About this task: What is needed is an exact repetition of the lines below, from the first one through the one holding "line L0 (-27.5, 54.25) -> (-38, 54.25) construction", with no pictures and nothing else.

▬▬▬▬▬▬▬▬▬▬

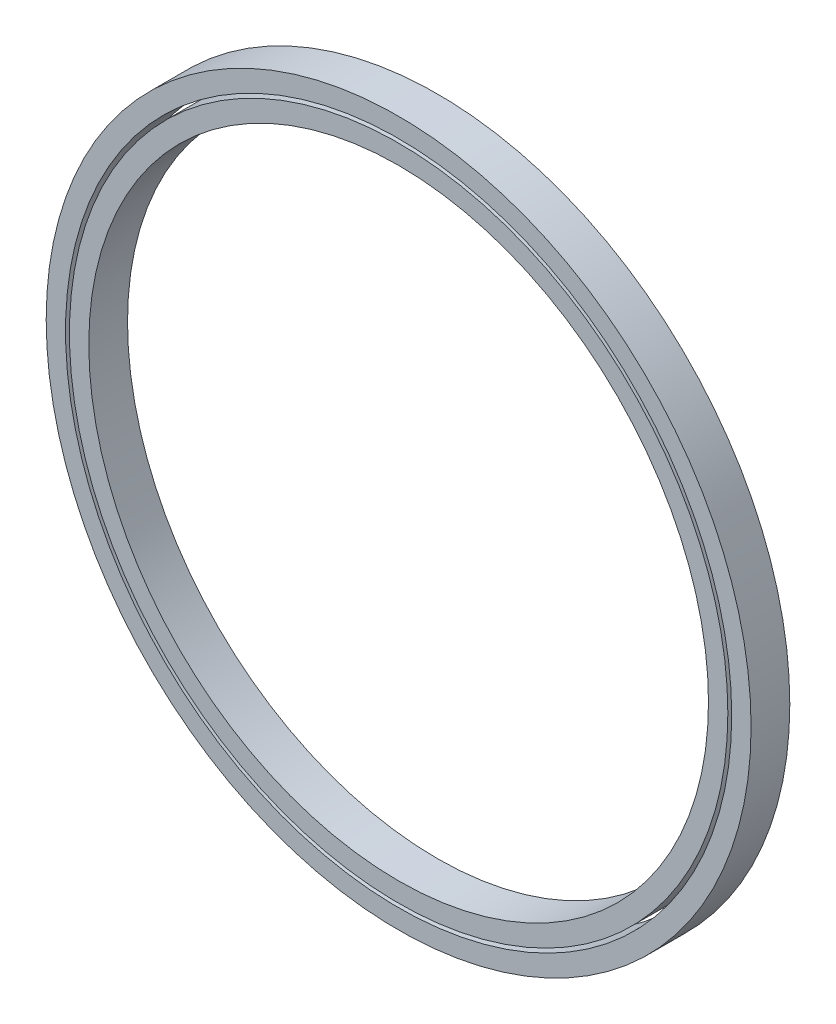
SolidWorks part; units mm, degrees
material "Plain Carbon Steel"
ref_plane "XY" through (0, 0, 0) normal (0, 0, 1) x (1, 0, 0)
ref_plane "XZ" through (0, 0, 0) normal (0, 1, 0) x (1, 0, 0)
ref_plane "YZ" through (0, 0, 0) normal (1, 0, 0) x (0, 0, -1)
sketch "Sketch1" plane through (0, 0, 0) normal (0, 0, 1) x (1, 0, 0)
  line L0 (40, 0) -> (45.5, 0) construction
  line L1 (42.5, 0) -> (43, 0) construction
  circle A0 centre (0, 0) radius 40
  circle A1 centre (0, 0) radius 42.5
  circle A2 centre (0, 0) radius 43
  circle A3 centre (0, 0) radius 45.5
  point P10 (42.75, 0)
  dimension "D1" = 80
  dimension "D2" = 5.5
  dimension "D3" = 0.5
extrude "Boss-Extrude1" add sketch "Sketch1" along normal mid plane 5 contours A1 A0 | A3 A2 region at (-41.2979, 0, 0) region at (-44.2131, 0, 0)
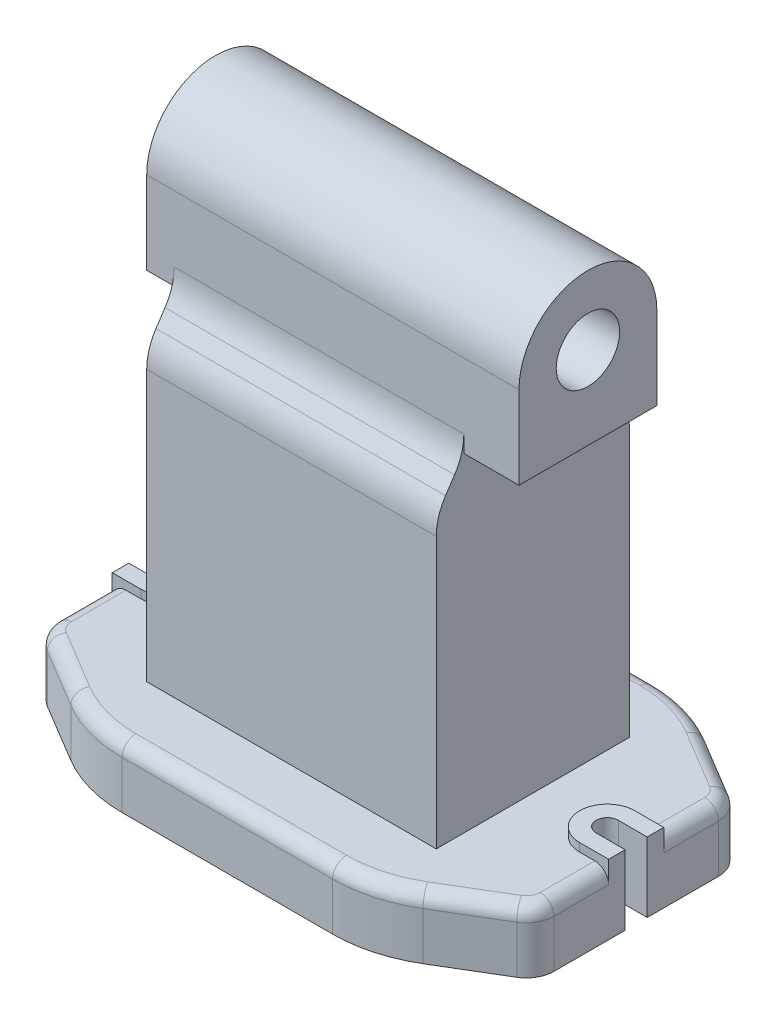
SolidWorks part; units mm, degrees
ref_plane "Front Plane" through (0, 0, 0) normal (0, 0, 1) x (1, 0, 0)
ref_plane "Top Plane" through (0, 0, 0) normal (0, 1, 0) x (1, 0, 0)
ref_plane "Right Plane" through (0, 0, 0) normal (1, 0, 0) x (0, 0, -1)
sketch "Sketch1" plane through (0, 0, 0) normal (0, 1, 0) x (1, 0, 0)
  line L0 (-27.5, 54.25) -> (-38, 54.25)
  line L1 (0, 0) -> (104, 0)
  line L3 (0, 116.5) -> (104, 116.5)
  line L5 (-38, 22.75) -> (0, 0)
  line L6 (-38, 54.25) -> (-38, 22.75)
  line L7 (-27.5, 62.25) -> (-38, 62.25)
  line L8 (-38, 62.25) -> (-38, 93.75)
  line L9 (-38, 93.75) -> (0, 116.5)
  line L10 (-38, 54.25) -> (-38, 62.25) construction
  line L11 (-38, 58.25) -> (142, 58.25) construction
  line L12 (52, 116.5) -> (52, 0) construction
  line L13 (142, 54.25) -> (142, 22.75)
  line L14 (142, 22.75) -> (104, 0)
  line L15 (131.5, 54.25) -> (142, 54.25)
  line L16 (131.5, 62.25) -> (142, 62.25)
  line L17 (142, 62.25) -> (142, 93.75)
  line L18 (142, 93.75) -> (104, 116.5)
  line L19 (142, 54.25) -> (142, 62.25) construction
  arc A0 (-27.5, 54.25) -> (-27.5, 62.25) centre (-27.5, 58.25) ccw
  arc A1 (131.5, 54.25) -> (131.5, 62.25) centre (131.5, 58.25) cw
  dimension "D3" = 4
  dimension "D1" = 71
  dimension "D2" = 116.5
  dimension "D4" = 180
  dimension "D5" = 104
  dimension "D6" = 10.5
extrude "Base" add sketch "Sketch1" along normal blind 22.3
sketch "Sketch3" plane through (0, 22.3, 0) normal (0, 1, 0) x (1, 0, 0)
  line L0 (-27.5, 54.25) -> (-38, 54.25) construction
  line L1 (-38, 62.25) -> (-27.5, 62.25) construction
  line L2 (-27.5, 54.25) -> (-38, 54.25)
  line L3 (-38, 62.25) -> (-27.5, 62.25)
  line L8 (52, 0) -> (52, 116.5) construction
  line L9 (0, 0) -> (104, 0) construction
  line L10 (104, 116.5) -> (0, 116.5) construction
  line L11 (-38, 68.25) -> (-27.5, 68.25)
  line L12 (-27.5, 48.25) -> (-38, 48.25)
  line L13 (-38, 68.25) -> (-38, 62.25)
  line L14 (-38, 54.25) -> (-38, 48.25)
  line L15 (142, 54.25) -> (142, 48.25)
  line L16 (142, 68.25) -> (142, 62.25)
  line L17 (131.5, 48.25) -> (142, 48.25)
  line L18 (142, 68.25) -> (131.5, 68.25)
  line L19 (142, 62.25) -> (131.5, 62.25)
  line L20 (131.5, 54.25) -> (142, 54.25)
  arc A0 (-27.5, 54.25) -> (-27.5, 62.25) centre (-27.5, 58.25) ccw construction
  arc A1 (-27.5, 54.25) -> (-27.5, 62.25) centre (-27.5, 58.25) ccw
  arc A3 (-27.5, 48.25) -> (-27.5, 68.25) centre (-27.5, 58.25) ccw
  arc A4 (131.5, 48.25) -> (131.5, 68.25) centre (131.5, 58.25) cw
  arc A5 (131.5, 54.25) -> (131.5, 62.25) centre (131.5, 58.25) cw
  dimension "D1" = 6
extrude "Resalto - Furos de Fixação" add sketch "Sketch3" along normal blind 3
sketch "Sketch4" plane through (0, 22.3, 0) normal (0, 1, 0) x (1, 0, 0)
  line L0 (52, 116.5) -> (52, 0) construction
  line L1 (104, 116.5) -> (0, 116.5) construction
  line L2 (0, 0) -> (104, 0) construction
  line L4 (-0.5, 23.25) -> (104.5, 23.25)
  line L5 (-0.5, 23.25) -> (-0.5, 93.25)
  line L6 (-0.5, 93.25) -> (104.5, 93.25)
  line L7 (104.5, 23.25) -> (104.5, 93.25)
  line L8 (-0.5, 23.25) -> (104.5, 93.25) construction
  line L9 (-0.5, 93.25) -> (104.5, 23.25) construction
  point P6 (52, 58.25)
  dimension "105" = 105
  dimension "D2" = 70
extrude "Corpo Retangular" add sketch "Sketch4" along normal blind 104.2
sketch "Sketch5" plane through (-0.5, 0, 0) normal (-1, 0, 0) x (0, 0, 1)
  line L0 (-58.25, 171.5) -> (-58.25, 25.3) construction
  line L1 (-33.25, 171.5) -> (-33.25, 141.5)
  line L2 (-54.25, 25.3) -> (-62.25, 25.3) construction
  line L3 (-93.25, 22.3) -> (-23.25, 22.3) construction
  line L4 (-83.25, 171.5) -> (-83.25, 141.5)
  line L5 (-83.25, 141.5) -> (-93.25, 126.5)
  line L6 (-33.25, 141.5) -> (-23.25, 126.5)
  line L7 (-93.25, 126.5) -> (-23.25, 126.5)
  line L8 (-83.25, 141.5) -> (-33.25, 141.5)
  circle A0 centre (-58.25, 171.5) radius 11.5
  arc A1 (-33.25, 171.5) -> (-83.25, 171.5) centre (-58.25, 171.5) ccw
  line M11 (-23.25, 126.5) -> (-93.25, 126.5)
  dimension "D2" = 50
  dimension "D3" = 23
  dimension "D1" = 149.2
  dimension "D4" = 30
extrude "Corpo Inclinado" add sketch "Sketch5" against normal blind 105 contours L0 L8 L5 L7 | L8 L0 L6 M11 region at (-0.5, 133.5833, -43.1111) region at (-0.5, 133.5833, -73.3889)
extrude "Corpo Arredondado - Back" add sketch "Sketch5<4>" along normal blind 10 separate body contours A0 L8 L1 A1 L4 region at (-0.5, 156.5, -33.9933)
sketch "Sketch5<4>" plane through (-0.5, 0, 0) normal (-1, 0, 0) x (0, 0, 1) same geometry as "Sketch5"
extrude "Corpo Arredondado - Front" add sketch "Sketch5<5>" against normal blind 125 contours A0 L8 L1 A1 L4 region at (-0.5, 156.5, -33.9933)
sketch "Sketch5<5>" plane through (-0.5, 0, 0) normal (-1, 0, 0) x (0, 0, 1) same geometry as "Sketch5"
sketch "Sketch9" plane through (0, 0, 0) normal (0, -1, 0) x (1, 0, 0)
  line L0 (127.5, -58.25) -> (-23.5, -58.25) construction
  line L1 (52, 0) -> (52, -116.5) construction
  line L2 (0, 0) -> (104, 0) construction
  line L3 (104, -116.5) -> (0, -116.5) construction
  arc A0 (131.5, -54.25) -> (131.5, -62.25) centre (131.5, -58.25) ccw construction
  arc A1 (-27.5, -62.25) -> (-27.5, -54.25) centre (-27.5, -58.25) ccw construction
  circle A2 centre (2.5, -58.25) radius 4
  circle A3 centre (101.5, -58.25) radius 4
  dimension "D1" = 8
  dimension "D2" = 99
  dimension "D3" = 49.5
extrude "Pinos Guia" add sketch "Sketch9" along normal blind 20
fillet "Raios 50mm" radius 50 4 edges at (0, 11.15, -116.5) (104, 11.15, -116.5) (0, 11.15, 0) (104, 11.15, 0)
fillet "Raios 20mm" radius 20 4 edges at (52, 126.5, -93.25) (52, 141.5, -83.25) (52, 141.5, -33.25) (52, 126.5, -23.25)
fillet "Raios 10mm" radius 10 4 edges at (-38, 11.15, -93.75) (-38, 11.15, -22.75) (142, 11.15, -93.75) (142, 11.15, -22.75)
fillet "Raios 5mm" radius 5 18 edges at (142, 22.3, -78.1659) (140.6996, 22.3, -93.0129) (126.4984, 22.3, -103.0306) (103.5002, 22.3, -114.6922) (-38, 22.3, -78.1659) (-36.6996, 22.3, -93.0129) (-22.4984, 22.3, -103.0306) (0.4998, 22.3, -114.6922) (-38, 22.3, -38.3341) (-36.6996, 22.3, -23.4871) (-22.4984, 22.3, -13.4694) (0.4998, 22.3, -1.8078) (142, 22.3, -38.3341) (140.6996, 22.3, -23.4871) (126.4984, 22.3, -13.4694) (103.5002, 22.3, -1.8078) (52, 22.3, -116.5) (52, 22.3, 0)
sketch "Posição do Furo M10" plane through (-0.5, 0, 0) normal (-1, 0, 0) x (0, 0, 1)
  line L0 (-58.25, 183) -> (-58.25, 25.3) construction
  line L1 (-54.25, 25.3) -> (-62.25, 25.3) construction
  circle A0 centre (-58.25, 171.5) radius 11.5 construction
  circle A1 centre (-58.25, 121.5) radius 5
  dimension "D1" = 50
  dimension "D2" = 10
hole_wizard "Furo M10x50" positions "Sketch7" profile "Sketch8" tap size "M10x1.0" standard "ANSI Metric"
sketch "Sketch7" plane through (-0.5, 0, 0) normal (-1, 0, 0) x (0, 0, 1)
  point P0 (-58.25, 121.5)
sketch "Sketch8" plane through (-0.5, 121.5, -58.25) normal (0, 1, 0) x (0, 0, 1)
  line L0 (0, 0) -> (0, 50)
  line L1 (0, 50) -> (4.5, 47.2961)
  line L2 (4.5, 47.2961) -> (4.5, 0)
  line L5 (4.5, 0) -> (0, 0)
  line L10 (0, 50) -> (-4.5, 47.2961) construction
  line L11 (0, -6.35) -> (0, 107.95) construction
  dimension "Tap Drill Dia." = 9
  dimension "Tap Drill Depth" = 50
  dimension "Drill Angle" = 118
cosmetic thread "Hole Thread1" parameters "D1"=20, "D2"=10
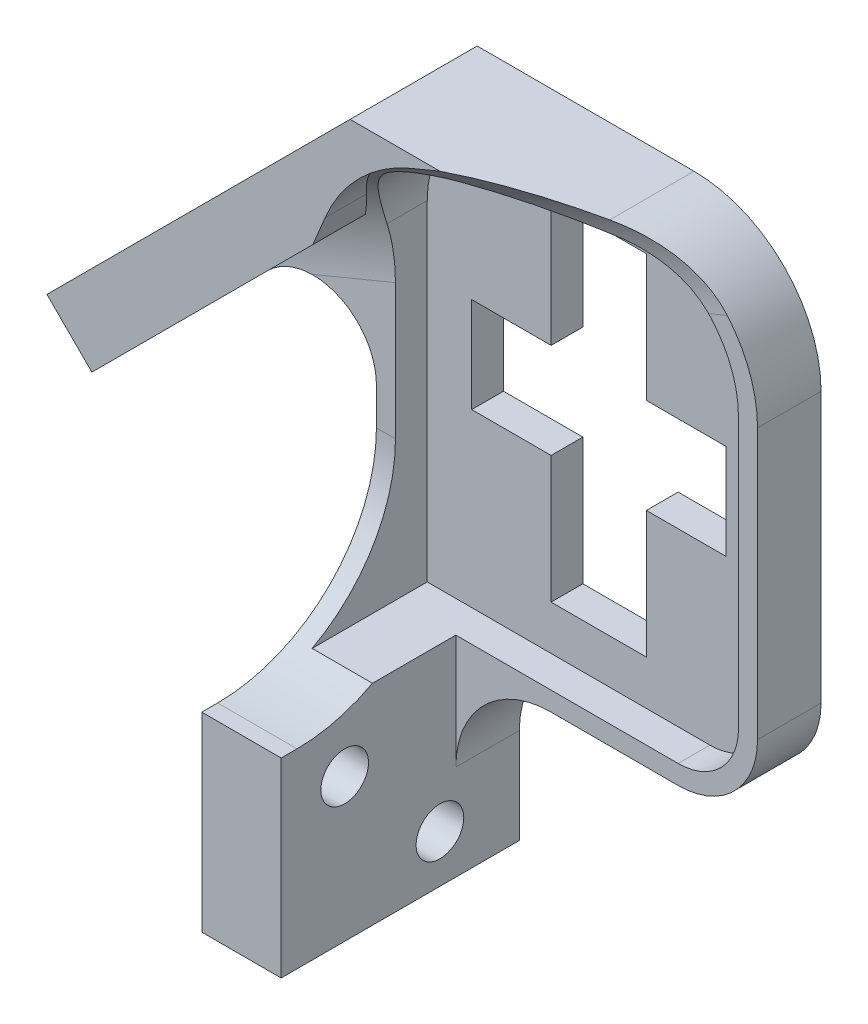
SolidWorks part; units mm, degrees
ref_plane "Front Plane" through (0, 0, 0) normal (0, 0, 1) x (1, 0, 0)
ref_plane "Top Plane" through (0, 0, 0) normal (0, 1, 0) x (1, 0, 0)
ref_plane "Right Plane" through (0, 0, 0) normal (1, 0, 0) x (0, 0, -1)
sketch "Sketch3" plane through (0, 0, 0) normal (0, 0, 1) x (1, 0, 0)
  line L0 (0, 10) -> (7, 10) construction
  line L1 (13, 4) -> (13, -13) construction
  line L2 (10, -16) -> (-7, -16) construction
  line L3 (-7, -16) -> (-7, 4) construction
  line L4 (-1, 10) -> (0, 10) construction
  line L5 (0, 0) -> (0, 10) construction
  line L6 (0, 12) -> (7, 12)
  line L7 (15, 4) -> (15, -13)
  line L8 (10, -18) -> (-9, -18)
  line L9 (-9, -18) -> (-9, 4)
  line L10 (-1, 12) -> (0, 12)
  arc A0 (13, 4) -> (7, 10) centre (7, 4) ccw construction
  arc A1 (-7, 4) -> (-1, 10) centre (-1, 4) cw construction
  arc A2 (10, -16) -> (13, -13) centre (10, -13) ccw construction
  arc A3 (15, 4) -> (7, 12) centre (7, 4) ccw
  arc A4 (10, -18) -> (15, -13) centre (10, -13) ccw
  arc A5 (-9, 4) -> (-1, 12) centre (-1, 4) cw
  point P9 (13, 10)
  point P12 (-7, 10)
  point P15 (13, -16)
  dimension "D5" = 6
  dimension "D6" = 3
  dimension "D1" = 10
  dimension "D2" = 26
  dimension "D3" = 20
  dimension "D4" = 7
  dimension "D7" = 2
extrude "Boss-Extrude4" add sketch "Sketch3" along normal blind 2
sketch "Sketch1" plane through (0, 0, 0) normal (0, 0, 1) x (1, 0, 0)
  line L0 (0, 0) -> (0, 8)
  line L1 (0, 8) -> (6, 8)
  line L2 (6, 8) -> (6, 0)
  line L3 (6, 0) -> (11, 0)
  line L4 (11, 0) -> (11, -6)
  line L5 (11, -6) -> (6, -6)
  line L6 (6, -6) -> (6, -14)
  line L7 (6, -14) -> (0, -14)
  line L8 (0, -14) -> (0, -6)
  line L9 (0, 0) -> (-5, 0)
  line L10 (-5, 0) -> (-5, -6)
  line L11 (-5, -6) -> (0, -6)
  dimension "D1" = 6
  dimension "D2" = 5
  dimension "D3" = 8
extrude "Cut-Extrude4" cut sketch "Sketch1" along normal blind 2
sketch "Sketch5" plane through (0, 0, 0) normal (0, 0, 1) x (1, 0, 0)
  line L0 (-9, -18) -> (-9, 4)
  line L2 (-9, -18) -> (10, -18)
  line L3 (-9, -18) -> (10, -18) construction
  line L4 (15, -13) -> (15, 4)
  line L5 (7, 12) -> (-1, 12)
  line L6 (7, 12) -> (-1, 12) construction
  line L7 (15, -13) -> (15, 4) construction
  line L8 (-7.8, -16.8) -> (-7.8, 4)
  line L9 (-7.8, -16.8) -> (10, -16.8)
  line L10 (13.8, -13) -> (13.8, 4)
  line L11 (7, 10.8) -> (-1, 10.8)
  arc A0 (-1, 12) -> (-9, 4) centre (-1, 4) ccw
  arc A1 (15, 4) -> (7, 12) centre (7, 4) ccw
  arc A2 (15, -13) -> (10, -18) centre (10, -13) cw
  arc A3 (-1, 10.8) -> (-7.8, 4) centre (-1, 4) ccw
  arc A4 (13.8, -13) -> (10, -16.8) centre (10, -13) cw
  arc A5 (13.8, 4) -> (7, 10.8) centre (7, 4) ccw
  point P18 (15, -18)
  dimension "D1" = 8
  dimension "D2" = 5
  dimension "D3" = 1.2
extrude "Boss-Extrude5" add sketch "Sketch5" along normal blind 4
sketch "Sketch6" plane through (0, -18, 0) normal (0, -1, 0) x (1, 0, 0)
  line L0 (-9, 0) -> (-4, 0)
  line L1 (-9, 0) -> (10, 0) construction
  line L2 (-4, 0) -> (-4, 15)
  line L3 (-9, 0) -> (-9, 15)
  line L4 (-9, 15) -> (-4, 15)
  dimension "D1" = 5
  dimension "D2" = 15
extrude "Boss-Extrude6" add sketch "Sketch6" along normal blind 12
fillet "Fillet1" radius 6 1 edges at (-4, -18, 2)
sketch "Sketch7" plane through (-4, 0, 0) normal (1, 0, 0) x (0, 0, -1)
  line L0 (-11, -21) -> (-5, -27) construction
  line L2 (-15, -30) -> (-15, -18) construction
  line L3 (-5, -27) -> (-11, -27) construction
  line L4 (-11, -27) -> (-11, -21) construction
  line L5 (-4, -18) -> (-15, -18) construction
  circle A0 centre (-11, -21) radius 1.5
  circle A1 centre (-5, -27) radius 1.5
  dimension "D1" = 3
  dimension "D2" = 6
  dimension "D3" = 3
  dimension "D4" = 45
  dimension "D6" = 4
extrude "Cut-Extrude5" cut sketch "Sketch7" against normal through all
fillet "Fillet3" radius 10 1 edges at (-6.5, -18, 4)
sketch "Sketch8" plane through (0, 0, 0) normal (0, 0, -1) x (-1, 0, 0)
  line L0 (9, 4) -> (22.9203, -9.9203)
  line L1 (9, 4) -> (9, -30) construction
  line L2 (22.9203, -9.9203) -> (25.7487, -7.0919)
  line L3 (25.7487, -7.0919) -> (6.6569, 12)
  line L4 (6.6569, 12) -> (1, 12)
  line L5 (1, 12) -> (6.6569, 9.6569)
  line L6 (6.6569, 9.6569) -> (9, 4)
  arc A4 (9, 4) -> (1, 12) centre (1, 4) ccw construction
  dimension "D1" = 45
  dimension "D2" = 4
  dimension "D3" = 27
extrude "Boss-Extrude8" add sketch "Sketch8" against normal blind 8 contours L5 L6 L0 L2 L3 L4
fillet "Fillet4" radius 10 2 edges at (-3.8284, 10.8284, 4) (-6.6569, 9.6569, 6)
sketch "Sketch9" plane through (-9.3284, 9.3284, 0) normal (-0.7071, 0.7071, 0) x (0, 0, 1)
  line L0 (4, -23.2218) -> (4, -18.2218) construction
  line L1 (8, -23.2218) -> (0, -23.2218) construction
  circle A0 centre (4, -18.2218) radius 1.5
  dimension "D1" = 3
  dimension "D2" = 5
extrude "Cut-Extrude7" cut sketch "Sketch9" against normal blind 8
fillet "Fillet6" radius 4 1 edges at (-9, 4, 2.349)

▬▬▬▬▬▬▬▬▬▬

Solved exercise:
SolidWorks part; units mm, degrees
material "Plain Carbon Steel"
ref_plane "XY" through (0, 0, 0) normal (0, 0, 1) x (1, 0, 0)
ref_plane "XZ" through (0, 0, 0) normal (0, 1, 0) x (1, 0, 0)
ref_plane "YZ" through (0, 0, 0) normal (1, 0, 0) x (0, 0, -1)
sketch "Sketch1" plane through (0, 0, 0) normal (0, 0, 1) x (1, 0, 0)
  line L0 (40, 0) -> (45.5, 0) construction
  line L1 (42.5, 0) -> (43, 0) construction
  circle A0 centre (0, 0) radius 40
  circle A1 centre (0, 0) radius 42.5
  circle A2 centre (0, 0) radius 43
  circle A3 centre (0, 0) radius 45.5
  point P10 (42.75, 0)
  dimension "D1" = 80
  dimension "D2" = 5.5
  dimension "D3" = 0.5
extrude "Boss-Extrude1" add sketch "Sketch1" along normal mid plane 5 contours A1 A0 | A3 A2 region at (-41.2979, 0, 0) region at (-44.2131, 0, 0)
SolidWorks part; units mm, degrees
ref_plane "Front Plane" through (0, 0, 0) normal (0, 0, 1) x (1, 0, 0)
ref_plane "Top Plane" through (0, 0, 0) normal (0, 1, 0) x (1, 0, 0)
ref_plane "Right Plane" through (0, 0, 0) normal (1, 0, 0) x (0, 0, -1)
sketch "Sketch1" plane through (0, 0, 0) normal (0, 1, 0) x (1, 0, 0)
  line L0 (-27.5, 54.25) -> (-38, 54.25)
  line L1 (0, 0) -> (104, 0)
  line L3 (0, 116.5) -> (104, 116.5)
  line L5 (-38, 22.75) -> (0, 0)
  line L6 (-38, 54.25) -> (-38, 22.75)
  line L7 (-27.5, 62.25) -> (-38, 62.25)
  line L8 (-38, 62.25) -> (-38, 93.75)
  line L9 (-38, 93.75) -> (0, 116.5)
  line L10 (-38, 54.25) -> (-38, 62.25) construction
  line L11 (-38, 58.25) -> (142, 58.25) construction
  line L12 (52, 116.5) -> (52, 0) construction
  line L13 (142, 54.25) -> (142, 22.75)
  line L14 (142, 22.75) -> (104, 0)
  line L15 (131.5, 54.25) -> (142, 54.25)
  line L16 (131.5, 62.25) -> (142, 62.25)
  line L17 (142, 62.25) -> (142, 93.75)
  line L18 (142, 93.75) -> (104, 116.5)
  line L19 (142, 54.25) -> (142, 62.25) construction
  arc A0 (-27.5, 54.25) -> (-27.5, 62.25) centre (-27.5, 58.25) ccw
  arc A1 (131.5, 54.25) -> (131.5, 62.25) centre (131.5, 58.25) cw
  dimension "D3" = 4
  dimension "D1" = 71
  dimension "D2" = 116.5
  dimension "D4" = 180
  dimension "D5" = 104
  dimension "D6" = 10.5
extrude "Base" add sketch "Sketch1" along normal blind 22.3
sketch "Sketch3" plane through (0, 22.3, 0) normal (0, 1, 0) x (1, 0, 0)
  line L0 (-27.5, 54.25) -> (-38, 54.25) construction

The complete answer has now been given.